• ABOUT THIS EXERCISE:
Print, word for word, the opening line of the data below and every line after it through the line that contains "for name, color, linetype", but not the pictures.

*** INFORMATION SHOWN Section Begins ***

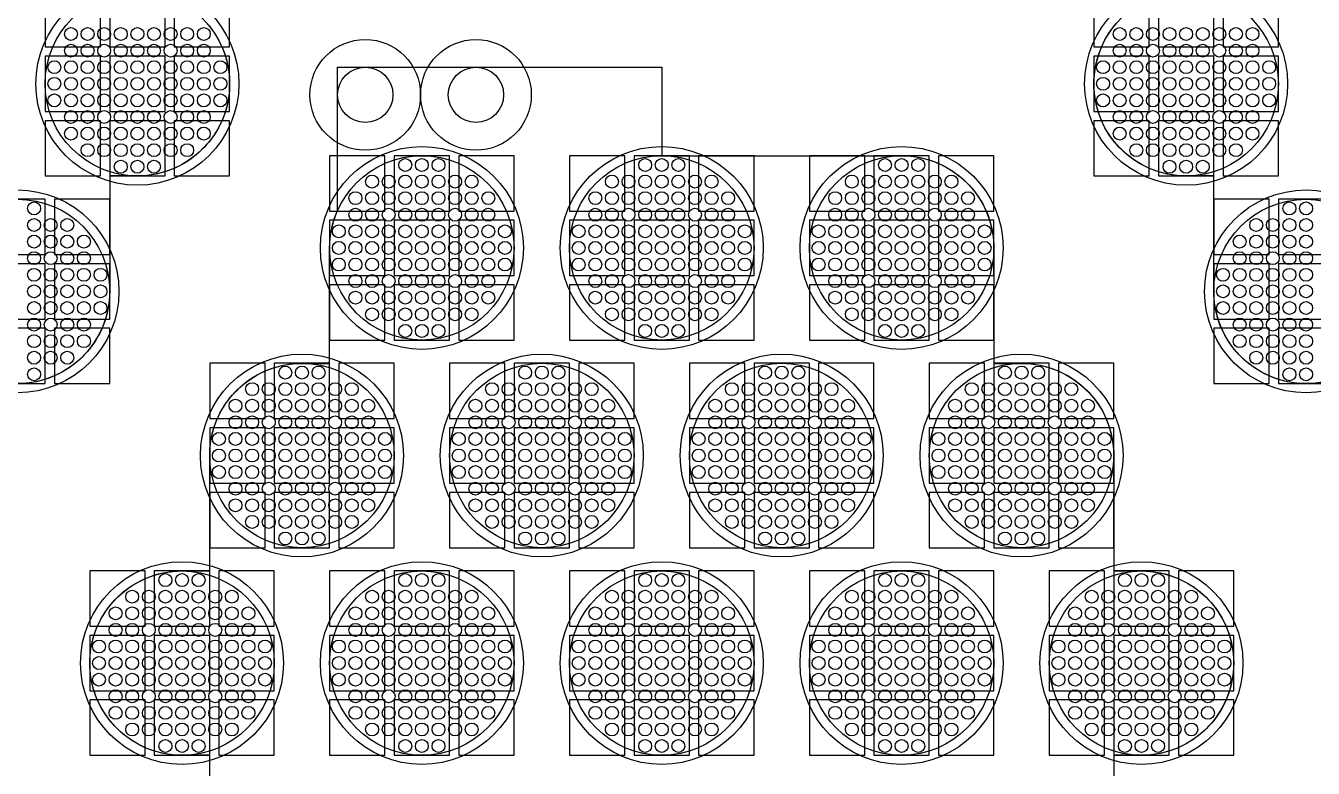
# Model space of a CAD drawing. Extents: x -49 to 54, y -38 to 38.
# Drawn here: x 26.48 to 33.46, y 10.43 to 14.45 of the extents above; entities that cross this region are included whole.
import ezdxf

# ---------------------------------------------------------------- set-up
doc = ezdxf.new("R2010")
doc.units = 0
for name, color, linetype in [('ADHESIVE_VIA_OPENINGS', 30, 'CONTINUOUS'), ('BACK_LAYER', 5, 'CONTINUOUS'), ('COND_LAYER_LOWER_ELECTRODE', 6, 'CONTINUOUS'), ('CONDUCTIVE_LAYER_BACK_LAYER', 2, 'CONTINUOUS'), ('EMITTER', 3, 'CONTINUOUS'), ('LOWER_ELECTRODE', 1, 'CONTINUOUS'), ('SUBSTRATE_VIA', 4, 'CONTINUOUS')]:
    doc.layers.add(name, color=color, linetype=linetype)

msp = doc.modelspace()

# ---------------------------------------------------------------- linework, layer by layer
at = {"layer": 'ADHESIVE_VIA_OPENINGS'}
for centre in [(28.3233, 14.0785), (28.9233, 14.0785)]:
    msp.add_circle(centre, 0.3, dxfattribs=at)
at = {"layer": 'BACK_LAYER'}
for points in [[(26.5884, 14.3384), (26.8884, 14.3384), (26.8884, 14.6384), (26.5884, 14.6384)], [(26.9384, 14.3384), (27.2384, 14.3384), (27.2384, 14.6384), (26.9384, 14.6384)], [(27.2884, 14.3384), (27.5884, 14.3384), (27.5884, 14.6384), (27.2884, 14.6384)], [(32.2721, 14.3384), (32.5721, 14.3384), (32.5721, 14.6384), (32.2721, 14.6384)], [(32.6221, 14.3384), (32.9221, 14.3384), (32.9221, 14.6384), (32.6221, 14.6384)], [(32.9721, 14.3384), (33.2721, 14.3384), (33.2721, 14.6384), (32.9721, 14.6384)], [(26.5884, 13.9884), (26.8884, 13.9884), (26.8884, 14.2884), (26.5884, 14.2884)], [(26.9384, 13.9884), (27.2384, 13.9884), (27.2384, 14.2884), (26.9384, 14.2884)], [(27.2884, 13.9884), (27.5884, 13.9884), (27.5884, 14.2884), (27.2884, 14.2884)], [(32.2721, 13.9884), (32.5721, 13.9884), (32.5721, 14.2884), (32.2721, 14.2884)], [(32.6221, 13.9884), (32.9221, 13.9884), (32.9221, 14.2884), (32.6221, 14.2884)], [(32.9721, 13.9884), (33.2721, 13.9884), (33.2721, 14.2884), (32.9721, 14.2884)], [(26.5884, 13.6384), (26.8884, 13.6384), (26.8884, 13.9384), (26.5884, 13.9384)], [(26.9384, 13.6384), (27.2384, 13.6384), (27.2384, 13.9384), (26.9384, 13.9384)], [(27.2884, 13.6384), (27.5884, 13.6384), (27.5884, 13.9384), (27.2884, 13.9384)], [(32.2721, 13.6384), (32.5721, 13.6384), (32.5721, 13.9384), (32.2721, 13.9384)], [(32.6221, 13.6384), (32.9221, 13.6384), (32.9221, 13.9384), (32.6221, 13.9384)], [(32.9721, 13.6384), (33.2721, 13.6384), (33.2721, 13.9384), (32.9721, 13.9384)], [(28.1302, 13.4482), (28.4302, 13.4482), (28.4302, 13.7482), (28.1302, 13.7482)], [(28.4802, 13.4482), (28.7802, 13.4482), (28.7802, 13.7482), (28.4802, 13.7482)], [(28.8302, 13.4482), (29.1302, 13.4482), (29.1302, 13.7482), (28.8302, 13.7482)], [(29.4302, 13.4482), (29.7302, 13.4482), (29.7302, 13.7482), (29.4302, 13.7482)], [(29.7802, 13.4482), (30.0802, 13.4482), (30.0802, 13.7482), (29.7802, 13.7482)], [(30.1302, 13.4482), (30.4302, 13.4482), (30.4302, 13.7482), (30.1302, 13.7482)], [(30.7302, 13.4482), (31.0302, 13.4482), (31.0302, 13.7482), (30.7302, 13.7482)], [(31.0802, 13.4482), (31.3802, 13.4482), (31.3802, 13.7482), (31.0802, 13.7482)], [(31.4302, 13.4482), (31.7302, 13.4482), (31.7302, 13.7482), (31.4302, 13.7482)], [(26.2884, 13.2125), (26.5884, 13.2125), (26.5884, 13.5125), (26.2884, 13.5125)], [(26.6384, 13.2125), (26.9384, 13.2125), (26.9384, 13.5125), (26.6384, 13.5125)], [(32.9221, 13.2125), (33.2221, 13.2125), (33.2221, 13.5125), (32.9221, 13.5125)], [(33.2721, 13.2125), (33.5721, 13.2125), (33.5721, 13.5125), (33.2721, 13.5125)], [(28.1302, 13.0982), (28.4302, 13.0982), (28.4302, 13.3982), (28.1302, 13.3982)], [(28.4802, 13.0982), (28.7802, 13.0982), (28.7802, 13.3982), (28.4802, 13.3982)], [(28.8302, 13.0982), (29.1302, 13.0982), (29.1302, 13.3982), (28.8302, 13.3982)], [(29.4302, 13.0982), (29.7302, 13.0982), (29.7302, 13.3982), (29.4302, 13.3982)], [(29.7802, 13.0982), (30.0802, 13.0982), (30.0802, 13.3982), (29.7802, 13.3982)], [(30.1302, 13.0982), (30.4302, 13.0982), (30.4302, 13.3982), (30.1302, 13.3982)], [(30.7302, 13.0982), (31.0302, 13.0982), (31.0302, 13.3982), (30.7302, 13.3982)], [(31.0802, 13.0982), (31.3802, 13.0982), (31.3802, 13.3982), (31.0802, 13.3982)], [(31.4302, 13.0982), (31.7302, 13.0982), (31.7302, 13.3982), (31.4302, 13.3982)], [(26.2884, 12.8625), (26.5884, 12.8625), (26.5884, 13.1625), (26.2884, 13.1625)], [(26.6384, 12.8625), (26.9384, 12.8625), (26.9384, 13.1625), (26.6384, 13.1625)], [(32.9221, 12.8625), (33.2221, 12.8625), (33.2221, 13.1625), (32.9221, 13.1625)], [(33.2721, 12.8625), (33.5721, 12.8625), (33.5721, 13.1625), (33.2721, 13.1625)], [(28.1302, 12.7482), (28.4302, 12.7482), (28.4302, 13.0482), (28.1302, 13.0482)], [(28.4802, 12.7482), (28.7802, 12.7482), (28.7802, 13.0482), (28.4802, 13.0482)], [(28.8302, 12.7482), (29.1302, 12.7482), (29.1302, 13.0482), (28.8302, 13.0482)], [(29.4302, 12.7482), (29.7302, 12.7482), (29.7302, 13.0482), (29.4302, 13.0482)], [(29.7802, 12.7482), (30.0802, 12.7482), (30.0802, 13.0482), (29.7802, 13.0482)], [(30.1302, 12.7482), (30.4302, 12.7482), (30.4302, 13.0482), (30.1302, 13.0482)], [(30.7302, 12.7482), (31.0302, 12.7482), (31.0302, 13.0482), (30.7302, 13.0482)], [(31.0802, 12.7482), (31.3802, 12.7482), (31.3802, 13.0482), (31.0802, 13.0482)], [(31.4302, 12.7482), (31.7302, 12.7482), (31.7302, 13.0482), (31.4302, 13.0482)], [(26.2884, 12.5125), (26.5884, 12.5125), (26.5884, 12.8125), (26.2884, 12.8125)], [(26.6384, 12.5125), (26.9384, 12.5125), (26.9384, 12.8125), (26.6384, 12.8125)], [(32.9221, 12.5125), (33.2221, 12.5125), (33.2221, 12.8125), (32.9221, 12.8125)], [(33.2721, 12.5125), (33.5721, 12.5125), (33.5721, 12.8125), (33.2721, 12.8125)], [(27.4802, 12.3223), (27.7802, 12.3223), (27.7802, 12.6223), (27.4802, 12.6223)], [(27.8302, 12.3223), (28.1302, 12.3223), (28.1302, 12.6223), (27.8302, 12.6223)], [(28.1802, 12.3223), (28.4802, 12.3223), (28.4802, 12.6223), (28.1802, 12.6223)], [(28.7802, 12.3223), (29.0802, 12.3223), (29.0802, 12.6223), (28.7802, 12.6223)], [(29.1302, 12.3223), (29.4302, 12.3223), (29.4302, 12.6223), (29.1302, 12.6223)], [(29.4802, 12.3223), (29.7802, 12.3223), (29.7802, 12.6223), (29.4802, 12.6223)], [(30.0802, 12.3223), (30.3802, 12.3223), (30.3802, 12.6223), (30.0802, 12.6223)], [(30.4302, 12.3223), (30.7302, 12.3223), (30.7302, 12.6223), (30.4302, 12.6223)], [(30.7802, 12.3223), (31.0802, 12.3223), (31.0802, 12.6223), (30.7802, 12.6223)], [(31.3802, 12.3223), (31.6802, 12.3223), (31.6802, 12.6223), (31.3802, 12.6223)], [(31.7302, 12.3223), (32.0302, 12.3223), (32.0302, 12.6223), (31.7302, 12.6223)], [(32.0802, 12.3223), (32.3802, 12.3223), (32.3802, 12.6223), (32.0802, 12.6223)], [(27.4802, 11.9723), (27.7802, 11.9723), (27.7802, 12.2723), (27.4802, 12.2723)], [(27.8302, 11.9723), (28.1302, 11.9723), (28.1302, 12.2723), (27.8302, 12.2723)], [(28.1802, 11.9723), (28.4802, 11.9723), (28.4802, 12.2723), (28.1802, 12.2723)], [(28.7802, 11.9723), (29.0802, 11.9723), (29.0802, 12.2723), (28.7802, 12.2723)], [(29.1302, 11.9723), (29.4302, 11.9723), (29.4302, 12.2723), (29.1302, 12.2723)], [(29.4802, 11.9723), (29.7802, 11.9723), (29.7802, 12.2723), (29.4802, 12.2723)], [(30.0802, 11.9723), (30.3802, 11.9723), (30.3802, 12.2723), (30.0802, 12.2723)], [(30.4302, 11.9723), (30.7302, 11.9723), (30.7302, 12.2723), (30.4302, 12.2723)], [(30.7802, 11.9723), (31.0802, 11.9723), (31.0802, 12.2723), (30.7802, 12.2723)], [(31.3802, 11.9723), (31.6802, 11.9723), (31.6802, 12.2723), (31.3802, 12.2723)], [(31.7302, 11.9723), (32.0302, 11.9723), (32.0302, 12.2723), (31.7302, 12.2723)], [(32.0802, 11.9723), (32.3802, 11.9723), (32.3802, 12.2723), (32.0802, 12.2723)], [(27.4802, 11.6223), (27.7802, 11.6223), (27.7802, 11.9223), (27.4802, 11.9223)], [(27.8302, 11.6223), (28.1302, 11.6223), (28.1302, 11.9223), (27.8302, 11.9223)], [(28.1802, 11.6223), (28.4802, 11.6223), (28.4802, 11.9223), (28.1802, 11.9223)], [(28.7802, 11.6223), (29.0802, 11.6223), (29.0802, 11.9223), (28.7802, 11.9223)], [(29.1302, 11.6223), (29.4302, 11.6223), (29.4302, 11.9223), (29.1302, 11.9223)], [(29.4802, 11.6223), (29.7802, 11.6223), (29.7802, 11.9223), (29.4802, 11.9223)], [(30.0802, 11.6223), (30.3802, 11.6223), (30.3802, 11.9223), (30.0802, 11.9223)], [(30.4302, 11.6223), (30.7302, 11.6223), (30.7302, 11.9223), (30.4302, 11.9223)], [(30.7802, 11.6223), (31.0802, 11.6223), (31.0802, 11.9223), (30.7802, 11.9223)], [(31.3802, 11.6223), (31.6802, 11.6223), (31.6802, 11.9223), (31.3802, 11.9223)], [(31.7302, 11.6223), (32.0302, 11.6223), (32.0302, 11.9223), (31.7302, 11.9223)], [(32.0802, 11.6223), (32.3802, 11.6223), (32.3802, 11.9223), (32.0802, 11.9223)], [(26.8302, 11.1965), (27.1302, 11.1965), (27.1302, 11.4965), (26.8302, 11.4965)], [(27.1802, 11.1965), (27.4802, 11.1965), (27.4802, 11.4965), (27.1802, 11.4965)], [(27.5302, 11.1965), (27.8302, 11.1965), (27.8302, 11.4965), (27.5302, 11.4965)], [(28.1302, 11.1965), (28.4302, 11.1965), (28.4302, 11.4965), (28.1302, 11.4965)], [(28.4802, 11.1965), (28.7802, 11.1965), (28.7802, 11.4965), (28.4802, 11.4965)], [(28.8302, 11.1965), (29.1302, 11.1965), (29.1302, 11.4965), (28.8302, 11.4965)], [(29.4302, 11.1965), (29.7302, 11.1965), (29.7302, 11.4965), (29.4302, 11.4965)], [(29.7802, 11.1965), (30.0802, 11.1965), (30.0802, 11.4965), (29.7802, 11.4965)], [(30.1302, 11.1965), (30.4302, 11.1965), (30.4302, 11.4965), (30.1302, 11.4965)], [(30.7302, 11.1965), (31.0302, 11.1965), (31.0302, 11.4965), (30.7302, 11.4965)], [(31.0802, 11.1965), (31.3802, 11.1965), (31.3802, 11.4965), (31.0802, 11.4965)], [(31.4302, 11.1965), (31.7302, 11.1965), (31.7302, 11.4965), (31.4302, 11.4965)], [(32.0302, 11.1965), (32.3302, 11.1965), (32.3302, 11.4965), (32.0302, 11.4965)], [(32.3802, 11.1965), (32.6802, 11.1965), (32.6802, 11.4965), (32.3802, 11.4965)], [(32.7302, 11.1965), (33.0302, 11.1965), (33.0302, 11.4965), (32.7302, 11.4965)], [(26.8302, 10.8465), (27.1302, 10.8465), (27.1302, 11.1465), (26.8302, 11.1465)], [(27.1802, 10.8465), (27.4802, 10.8465), (27.4802, 11.1465), (27.1802, 11.1465)], [(27.5302, 10.8465), (27.8302, 10.8465), (27.8302, 11.1465), (27.5302, 11.1465)], [(28.1302, 10.8465), (28.4302, 10.8465), (28.4302, 11.1465), (28.1302, 11.1465)], [(28.4802, 10.8465), (28.7802, 10.8465), (28.7802, 11.1465), (28.4802, 11.1465)], [(28.8302, 10.8465), (29.1302, 10.8465), (29.1302, 11.1465), (28.8302, 11.1465)], [(29.4302, 10.8465), (29.7302, 10.8465), (29.7302, 11.1465), (29.4302, 11.1465)], [(29.7802, 10.8465), (30.0802, 10.8465), (30.0802, 11.1465), (29.7802, 11.1465)], [(30.1302, 10.8465), (30.4302, 10.8465), (30.4302, 11.1465), (30.1302, 11.1465)], [(30.7302, 10.8465), (31.0302, 10.8465), (31.0302, 11.1465), (30.7302, 11.1465)], [(31.0802, 10.8465), (31.3802, 10.8465), (31.3802, 11.1465), (31.0802, 11.1465)], [(31.4302, 10.8465), (31.7302, 10.8465), (31.7302, 11.1465), (31.4302, 11.1465)], [(32.0302, 10.8465), (32.3302, 10.8465), (32.3302, 11.1465), (32.0302, 11.1465)], [(32.3802, 10.8465), (32.6802, 10.8465), (32.6802, 11.1465), (32.3802, 11.1465)], [(32.7302, 10.8465), (33.0302, 10.8465), (33.0302, 11.1465), (32.7302, 11.1465)], [(26.8302, 10.4965), (27.1302, 10.4965), (27.1302, 10.7965), (26.8302, 10.7965)], [(27.1802, 10.4965), (27.4802, 10.4965), (27.4802, 10.7965), (27.1802, 10.7965)], [(27.5302, 10.4965), (27.8302, 10.4965), (27.8302, 10.7965), (27.5302, 10.7965)], [(28.1302, 10.4965), (28.4302, 10.4965), (28.4302, 10.7965), (28.1302, 10.7965)], [(28.4802, 10.4965), (28.7802, 10.4965), (28.7802, 10.7965), (28.4802, 10.7965)], [(28.8302, 10.4965), (29.1302, 10.4965), (29.1302, 10.7965), (28.8302, 10.7965)], [(29.4302, 10.4965), (29.7302, 10.4965), (29.7302, 10.7965), (29.4302, 10.7965)], [(29.7802, 10.4965), (30.0802, 10.4965), (30.0802, 10.7965), (29.7802, 10.7965)], [(30.1302, 10.4965), (30.4302, 10.4965), (30.4302, 10.7965), (30.1302, 10.7965)], [(30.7302, 10.4965), (31.0302, 10.4965), (31.0302, 10.7965), (30.7302, 10.7965)], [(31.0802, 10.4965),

*** INFORMATION SHOWN Section Ends ***

• SOLUTION:
# Model space of a CAD drawing. Extents: x -49 to 54, y -38 to 38.
# Drawn here: x 26.48 to 33.46, y 10.43 to 14.45 of the extents above; entities that cross this region are included whole.
import ezdxf

# ---------------------------------------------------------------- set-up
doc = ezdxf.new("R2010")
doc.units = 0
for name, color, linetype in [('ADHESIVE_VIA_OPENINGS', 30, 'CONTINUOUS'), ('BACK_LAYER', 5, 'CONTINUOUS'), ('COND_LAYER_LOWER_ELECTRODE', 6, 'CONTINUOUS'), ('CONDUCTIVE_LAYER_BACK_LAYER', 2, 'CONTINUOUS'), ('EMITTER', 3, 'CONTINUOUS'), ('LOWER_ELECTRODE', 1, 'CONTINUOUS'), ('SUBSTRATE_VIA', 4, 'CONTINUOUS')]:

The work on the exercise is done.